Thank you for your answers. Here is the complete version of the problem with constraints:
sum(sum( x(r,t) * w(r) * e(r) * f(r)² ))
such that : 0<= x(r,t) <=1 ; 0<= f(r) <=f
sum( x( r, t1:t2) ) =0 for every r
sum( x( r, t2+1:t3) ) <=1 for every r
sum( x( r, t3+1:T) ) = 0 for every r
sum( x( r,t) * f(r)) = 0 for every t
R * (1-epsilon) *( sum (x(r,t2+1:t3))^-1 <=1
x(r,t) * w(r)* e(r)* f(r)^-1 *To^-1 <= 1
Variables of the program: x(r,t) and f®.
Now , in the beginning my problem was a mixed integer non linear program (I know thre are solvers dedicated for this kind of problems) . After I relaxed it by imposing that x(r,t) belongs to [0,1].

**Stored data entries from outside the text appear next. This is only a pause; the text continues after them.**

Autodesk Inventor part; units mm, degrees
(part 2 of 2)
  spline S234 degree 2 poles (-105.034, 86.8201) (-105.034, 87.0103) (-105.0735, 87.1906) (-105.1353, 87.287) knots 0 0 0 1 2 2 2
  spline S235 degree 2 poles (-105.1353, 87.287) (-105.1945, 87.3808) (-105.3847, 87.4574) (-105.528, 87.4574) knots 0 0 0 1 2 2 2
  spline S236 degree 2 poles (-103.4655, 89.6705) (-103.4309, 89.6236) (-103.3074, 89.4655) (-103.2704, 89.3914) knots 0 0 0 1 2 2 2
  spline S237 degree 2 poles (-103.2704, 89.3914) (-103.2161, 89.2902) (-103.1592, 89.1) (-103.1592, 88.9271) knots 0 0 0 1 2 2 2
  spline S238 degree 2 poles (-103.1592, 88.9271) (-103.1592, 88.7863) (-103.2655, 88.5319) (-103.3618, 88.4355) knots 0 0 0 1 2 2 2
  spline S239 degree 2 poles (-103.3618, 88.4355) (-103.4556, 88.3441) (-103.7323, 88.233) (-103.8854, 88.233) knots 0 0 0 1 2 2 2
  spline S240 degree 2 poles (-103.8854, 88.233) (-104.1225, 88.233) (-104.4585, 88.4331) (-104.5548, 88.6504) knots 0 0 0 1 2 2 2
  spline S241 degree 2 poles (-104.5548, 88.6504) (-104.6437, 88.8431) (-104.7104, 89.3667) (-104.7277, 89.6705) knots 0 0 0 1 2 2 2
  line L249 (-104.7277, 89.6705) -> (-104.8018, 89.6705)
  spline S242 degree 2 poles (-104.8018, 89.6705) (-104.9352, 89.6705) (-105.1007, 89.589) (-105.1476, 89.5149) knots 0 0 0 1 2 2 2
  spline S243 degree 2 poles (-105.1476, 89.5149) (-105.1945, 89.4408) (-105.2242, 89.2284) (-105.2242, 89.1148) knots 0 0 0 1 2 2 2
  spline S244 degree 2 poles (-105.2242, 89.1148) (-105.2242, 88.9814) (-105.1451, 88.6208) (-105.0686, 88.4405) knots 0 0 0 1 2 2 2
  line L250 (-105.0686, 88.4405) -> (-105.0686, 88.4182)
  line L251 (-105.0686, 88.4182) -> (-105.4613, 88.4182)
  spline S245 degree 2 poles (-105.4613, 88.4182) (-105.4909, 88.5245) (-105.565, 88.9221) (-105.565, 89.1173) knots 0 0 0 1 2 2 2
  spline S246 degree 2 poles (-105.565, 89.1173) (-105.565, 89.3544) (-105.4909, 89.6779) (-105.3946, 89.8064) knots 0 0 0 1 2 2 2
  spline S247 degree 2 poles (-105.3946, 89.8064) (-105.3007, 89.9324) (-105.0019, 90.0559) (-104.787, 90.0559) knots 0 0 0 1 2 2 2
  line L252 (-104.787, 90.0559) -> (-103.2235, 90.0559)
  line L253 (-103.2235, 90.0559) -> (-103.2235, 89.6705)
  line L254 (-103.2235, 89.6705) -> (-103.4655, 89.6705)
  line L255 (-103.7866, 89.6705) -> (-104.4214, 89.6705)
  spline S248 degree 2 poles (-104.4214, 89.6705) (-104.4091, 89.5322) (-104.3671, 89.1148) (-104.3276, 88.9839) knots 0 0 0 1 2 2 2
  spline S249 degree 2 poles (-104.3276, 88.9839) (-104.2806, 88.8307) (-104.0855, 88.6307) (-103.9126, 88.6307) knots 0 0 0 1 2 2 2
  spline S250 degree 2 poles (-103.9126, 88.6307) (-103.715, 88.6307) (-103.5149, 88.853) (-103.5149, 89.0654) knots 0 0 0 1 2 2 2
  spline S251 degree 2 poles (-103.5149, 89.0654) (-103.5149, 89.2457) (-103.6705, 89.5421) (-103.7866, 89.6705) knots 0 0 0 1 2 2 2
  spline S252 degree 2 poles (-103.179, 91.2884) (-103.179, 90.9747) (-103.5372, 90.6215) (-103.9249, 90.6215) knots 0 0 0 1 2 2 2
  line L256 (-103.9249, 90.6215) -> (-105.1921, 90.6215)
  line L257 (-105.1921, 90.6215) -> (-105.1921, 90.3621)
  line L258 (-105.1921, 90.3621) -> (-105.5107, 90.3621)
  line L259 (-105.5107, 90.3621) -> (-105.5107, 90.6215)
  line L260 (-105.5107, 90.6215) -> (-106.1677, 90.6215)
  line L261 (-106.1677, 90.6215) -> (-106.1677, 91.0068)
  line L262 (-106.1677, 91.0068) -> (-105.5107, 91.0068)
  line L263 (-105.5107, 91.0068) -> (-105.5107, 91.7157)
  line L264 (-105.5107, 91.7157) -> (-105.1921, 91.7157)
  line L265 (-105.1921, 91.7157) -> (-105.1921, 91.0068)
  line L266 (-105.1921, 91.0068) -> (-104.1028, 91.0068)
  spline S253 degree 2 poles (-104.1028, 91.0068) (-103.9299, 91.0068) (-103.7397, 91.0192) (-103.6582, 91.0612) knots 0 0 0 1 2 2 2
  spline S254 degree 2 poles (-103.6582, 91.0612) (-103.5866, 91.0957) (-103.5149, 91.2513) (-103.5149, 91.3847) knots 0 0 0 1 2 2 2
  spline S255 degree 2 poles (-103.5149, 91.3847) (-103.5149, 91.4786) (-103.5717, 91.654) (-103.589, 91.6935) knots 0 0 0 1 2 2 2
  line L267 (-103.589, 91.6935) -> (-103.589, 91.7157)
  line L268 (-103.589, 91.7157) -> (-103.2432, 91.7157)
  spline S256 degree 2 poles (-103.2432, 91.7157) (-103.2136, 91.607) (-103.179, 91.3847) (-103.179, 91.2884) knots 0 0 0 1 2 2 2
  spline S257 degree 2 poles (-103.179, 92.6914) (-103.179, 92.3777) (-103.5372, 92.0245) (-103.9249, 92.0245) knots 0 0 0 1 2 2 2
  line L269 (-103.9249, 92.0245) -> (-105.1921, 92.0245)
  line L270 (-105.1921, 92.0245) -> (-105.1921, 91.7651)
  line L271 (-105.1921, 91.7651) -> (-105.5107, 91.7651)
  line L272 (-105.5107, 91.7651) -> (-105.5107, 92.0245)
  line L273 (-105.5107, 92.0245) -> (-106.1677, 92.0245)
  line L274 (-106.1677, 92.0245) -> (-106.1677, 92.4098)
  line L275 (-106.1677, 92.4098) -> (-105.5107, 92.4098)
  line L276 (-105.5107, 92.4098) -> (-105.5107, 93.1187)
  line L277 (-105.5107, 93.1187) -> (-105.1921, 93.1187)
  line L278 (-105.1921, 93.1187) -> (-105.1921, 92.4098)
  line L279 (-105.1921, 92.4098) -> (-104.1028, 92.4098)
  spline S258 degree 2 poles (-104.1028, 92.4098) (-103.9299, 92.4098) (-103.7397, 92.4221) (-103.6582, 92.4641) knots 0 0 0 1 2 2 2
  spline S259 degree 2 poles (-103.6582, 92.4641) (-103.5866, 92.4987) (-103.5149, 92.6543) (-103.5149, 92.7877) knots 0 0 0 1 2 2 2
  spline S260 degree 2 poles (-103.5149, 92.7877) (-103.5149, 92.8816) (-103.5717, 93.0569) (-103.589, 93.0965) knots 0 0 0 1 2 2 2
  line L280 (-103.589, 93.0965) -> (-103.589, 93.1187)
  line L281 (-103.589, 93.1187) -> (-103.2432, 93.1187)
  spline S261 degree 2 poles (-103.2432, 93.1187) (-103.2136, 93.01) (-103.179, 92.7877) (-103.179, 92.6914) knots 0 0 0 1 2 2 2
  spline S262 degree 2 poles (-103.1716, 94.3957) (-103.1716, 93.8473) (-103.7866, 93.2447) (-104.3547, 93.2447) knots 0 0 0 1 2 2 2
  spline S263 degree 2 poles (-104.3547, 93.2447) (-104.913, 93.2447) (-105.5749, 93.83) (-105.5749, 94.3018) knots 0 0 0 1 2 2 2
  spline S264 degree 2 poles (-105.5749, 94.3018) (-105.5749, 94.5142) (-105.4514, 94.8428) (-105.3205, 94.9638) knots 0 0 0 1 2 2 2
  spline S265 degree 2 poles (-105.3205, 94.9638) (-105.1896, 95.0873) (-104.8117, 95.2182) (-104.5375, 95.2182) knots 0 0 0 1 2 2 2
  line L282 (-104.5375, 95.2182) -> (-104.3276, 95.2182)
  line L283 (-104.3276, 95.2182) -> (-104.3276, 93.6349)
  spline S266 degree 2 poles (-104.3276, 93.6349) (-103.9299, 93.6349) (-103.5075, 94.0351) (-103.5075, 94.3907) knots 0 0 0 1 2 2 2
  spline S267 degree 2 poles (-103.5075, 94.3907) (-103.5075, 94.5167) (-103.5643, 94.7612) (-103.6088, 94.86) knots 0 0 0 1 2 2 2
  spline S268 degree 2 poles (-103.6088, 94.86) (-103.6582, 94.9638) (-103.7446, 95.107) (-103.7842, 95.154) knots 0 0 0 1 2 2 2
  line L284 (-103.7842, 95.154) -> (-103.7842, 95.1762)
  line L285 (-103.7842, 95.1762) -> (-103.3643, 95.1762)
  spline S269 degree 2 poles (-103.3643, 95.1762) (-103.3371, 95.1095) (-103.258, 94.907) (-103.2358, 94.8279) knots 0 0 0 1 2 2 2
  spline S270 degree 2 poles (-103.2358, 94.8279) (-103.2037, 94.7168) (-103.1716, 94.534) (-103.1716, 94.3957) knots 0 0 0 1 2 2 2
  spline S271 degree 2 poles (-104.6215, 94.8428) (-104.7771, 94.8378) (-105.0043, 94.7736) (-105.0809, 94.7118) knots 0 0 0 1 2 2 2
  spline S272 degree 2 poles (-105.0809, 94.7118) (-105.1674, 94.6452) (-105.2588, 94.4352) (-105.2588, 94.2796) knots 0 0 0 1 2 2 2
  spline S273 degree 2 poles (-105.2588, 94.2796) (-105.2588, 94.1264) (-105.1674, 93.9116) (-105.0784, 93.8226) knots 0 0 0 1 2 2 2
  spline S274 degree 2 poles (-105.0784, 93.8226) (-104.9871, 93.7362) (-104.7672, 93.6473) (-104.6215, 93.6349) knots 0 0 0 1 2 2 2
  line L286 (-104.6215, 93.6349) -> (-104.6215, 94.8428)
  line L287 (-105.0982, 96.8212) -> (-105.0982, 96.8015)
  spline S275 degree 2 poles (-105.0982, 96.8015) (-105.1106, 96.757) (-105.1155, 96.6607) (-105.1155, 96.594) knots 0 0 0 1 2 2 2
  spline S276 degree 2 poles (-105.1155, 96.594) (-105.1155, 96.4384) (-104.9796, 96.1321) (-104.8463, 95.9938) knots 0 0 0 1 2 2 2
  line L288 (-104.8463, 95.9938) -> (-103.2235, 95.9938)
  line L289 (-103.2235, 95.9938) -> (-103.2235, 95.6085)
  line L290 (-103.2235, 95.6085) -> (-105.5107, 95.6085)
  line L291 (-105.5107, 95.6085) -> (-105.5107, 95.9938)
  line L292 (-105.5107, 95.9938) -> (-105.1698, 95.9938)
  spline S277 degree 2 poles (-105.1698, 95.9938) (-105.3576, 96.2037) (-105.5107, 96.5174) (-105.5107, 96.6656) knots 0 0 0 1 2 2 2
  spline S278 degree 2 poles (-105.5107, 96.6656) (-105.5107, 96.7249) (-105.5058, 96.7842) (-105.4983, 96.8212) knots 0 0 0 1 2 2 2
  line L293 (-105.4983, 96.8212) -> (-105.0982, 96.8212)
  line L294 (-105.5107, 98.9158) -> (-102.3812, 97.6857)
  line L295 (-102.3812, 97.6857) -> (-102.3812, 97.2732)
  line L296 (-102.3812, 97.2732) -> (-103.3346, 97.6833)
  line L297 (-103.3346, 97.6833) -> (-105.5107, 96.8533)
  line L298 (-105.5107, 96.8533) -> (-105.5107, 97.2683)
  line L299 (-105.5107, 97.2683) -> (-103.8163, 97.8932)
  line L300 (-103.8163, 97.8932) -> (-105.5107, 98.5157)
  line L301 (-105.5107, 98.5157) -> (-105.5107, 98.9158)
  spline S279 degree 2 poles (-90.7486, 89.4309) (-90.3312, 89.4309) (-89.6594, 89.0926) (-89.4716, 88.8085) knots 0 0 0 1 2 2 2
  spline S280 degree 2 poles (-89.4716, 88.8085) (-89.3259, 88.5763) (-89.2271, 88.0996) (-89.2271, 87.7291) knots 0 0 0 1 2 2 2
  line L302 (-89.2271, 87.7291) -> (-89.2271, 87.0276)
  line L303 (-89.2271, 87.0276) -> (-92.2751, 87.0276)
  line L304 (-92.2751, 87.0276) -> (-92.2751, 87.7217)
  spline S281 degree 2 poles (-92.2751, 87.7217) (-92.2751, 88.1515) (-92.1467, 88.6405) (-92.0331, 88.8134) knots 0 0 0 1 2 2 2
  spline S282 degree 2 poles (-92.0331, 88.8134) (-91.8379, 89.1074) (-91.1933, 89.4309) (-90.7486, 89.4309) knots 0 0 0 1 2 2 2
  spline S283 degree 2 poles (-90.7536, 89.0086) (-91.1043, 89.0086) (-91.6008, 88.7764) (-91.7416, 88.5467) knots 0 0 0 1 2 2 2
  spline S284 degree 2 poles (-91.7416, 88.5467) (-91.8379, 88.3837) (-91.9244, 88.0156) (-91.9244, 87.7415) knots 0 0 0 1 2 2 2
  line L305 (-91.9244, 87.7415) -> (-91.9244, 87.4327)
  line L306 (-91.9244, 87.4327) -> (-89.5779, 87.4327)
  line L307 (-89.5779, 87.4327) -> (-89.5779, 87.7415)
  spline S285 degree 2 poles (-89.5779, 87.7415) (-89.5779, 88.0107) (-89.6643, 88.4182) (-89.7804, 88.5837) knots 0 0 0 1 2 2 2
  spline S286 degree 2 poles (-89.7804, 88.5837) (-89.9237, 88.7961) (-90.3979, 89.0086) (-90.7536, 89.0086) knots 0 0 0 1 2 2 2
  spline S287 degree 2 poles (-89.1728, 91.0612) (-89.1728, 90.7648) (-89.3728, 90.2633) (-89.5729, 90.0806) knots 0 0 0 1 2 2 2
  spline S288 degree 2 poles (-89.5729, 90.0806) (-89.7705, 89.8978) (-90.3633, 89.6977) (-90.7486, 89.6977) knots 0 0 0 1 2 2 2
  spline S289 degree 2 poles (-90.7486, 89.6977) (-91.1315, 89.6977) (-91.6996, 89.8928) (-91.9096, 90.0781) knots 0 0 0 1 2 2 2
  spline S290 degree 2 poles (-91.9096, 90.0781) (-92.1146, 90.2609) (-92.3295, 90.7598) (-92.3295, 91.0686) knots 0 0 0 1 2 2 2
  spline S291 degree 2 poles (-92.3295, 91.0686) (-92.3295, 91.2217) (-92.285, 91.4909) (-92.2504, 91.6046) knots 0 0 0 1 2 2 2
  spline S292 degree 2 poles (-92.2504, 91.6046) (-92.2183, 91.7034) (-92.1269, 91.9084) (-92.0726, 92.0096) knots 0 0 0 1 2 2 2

To resolve it I tried to write it using the geometric programming form you propose. Except that for it to work, all my variables should be strictly positive as I understood since it will be considering the log of the objective function. Is it normal if i get as optimal solution zeroes for both x(r,t) and f® ?
Thank you correcting me if I’m on the wrong path.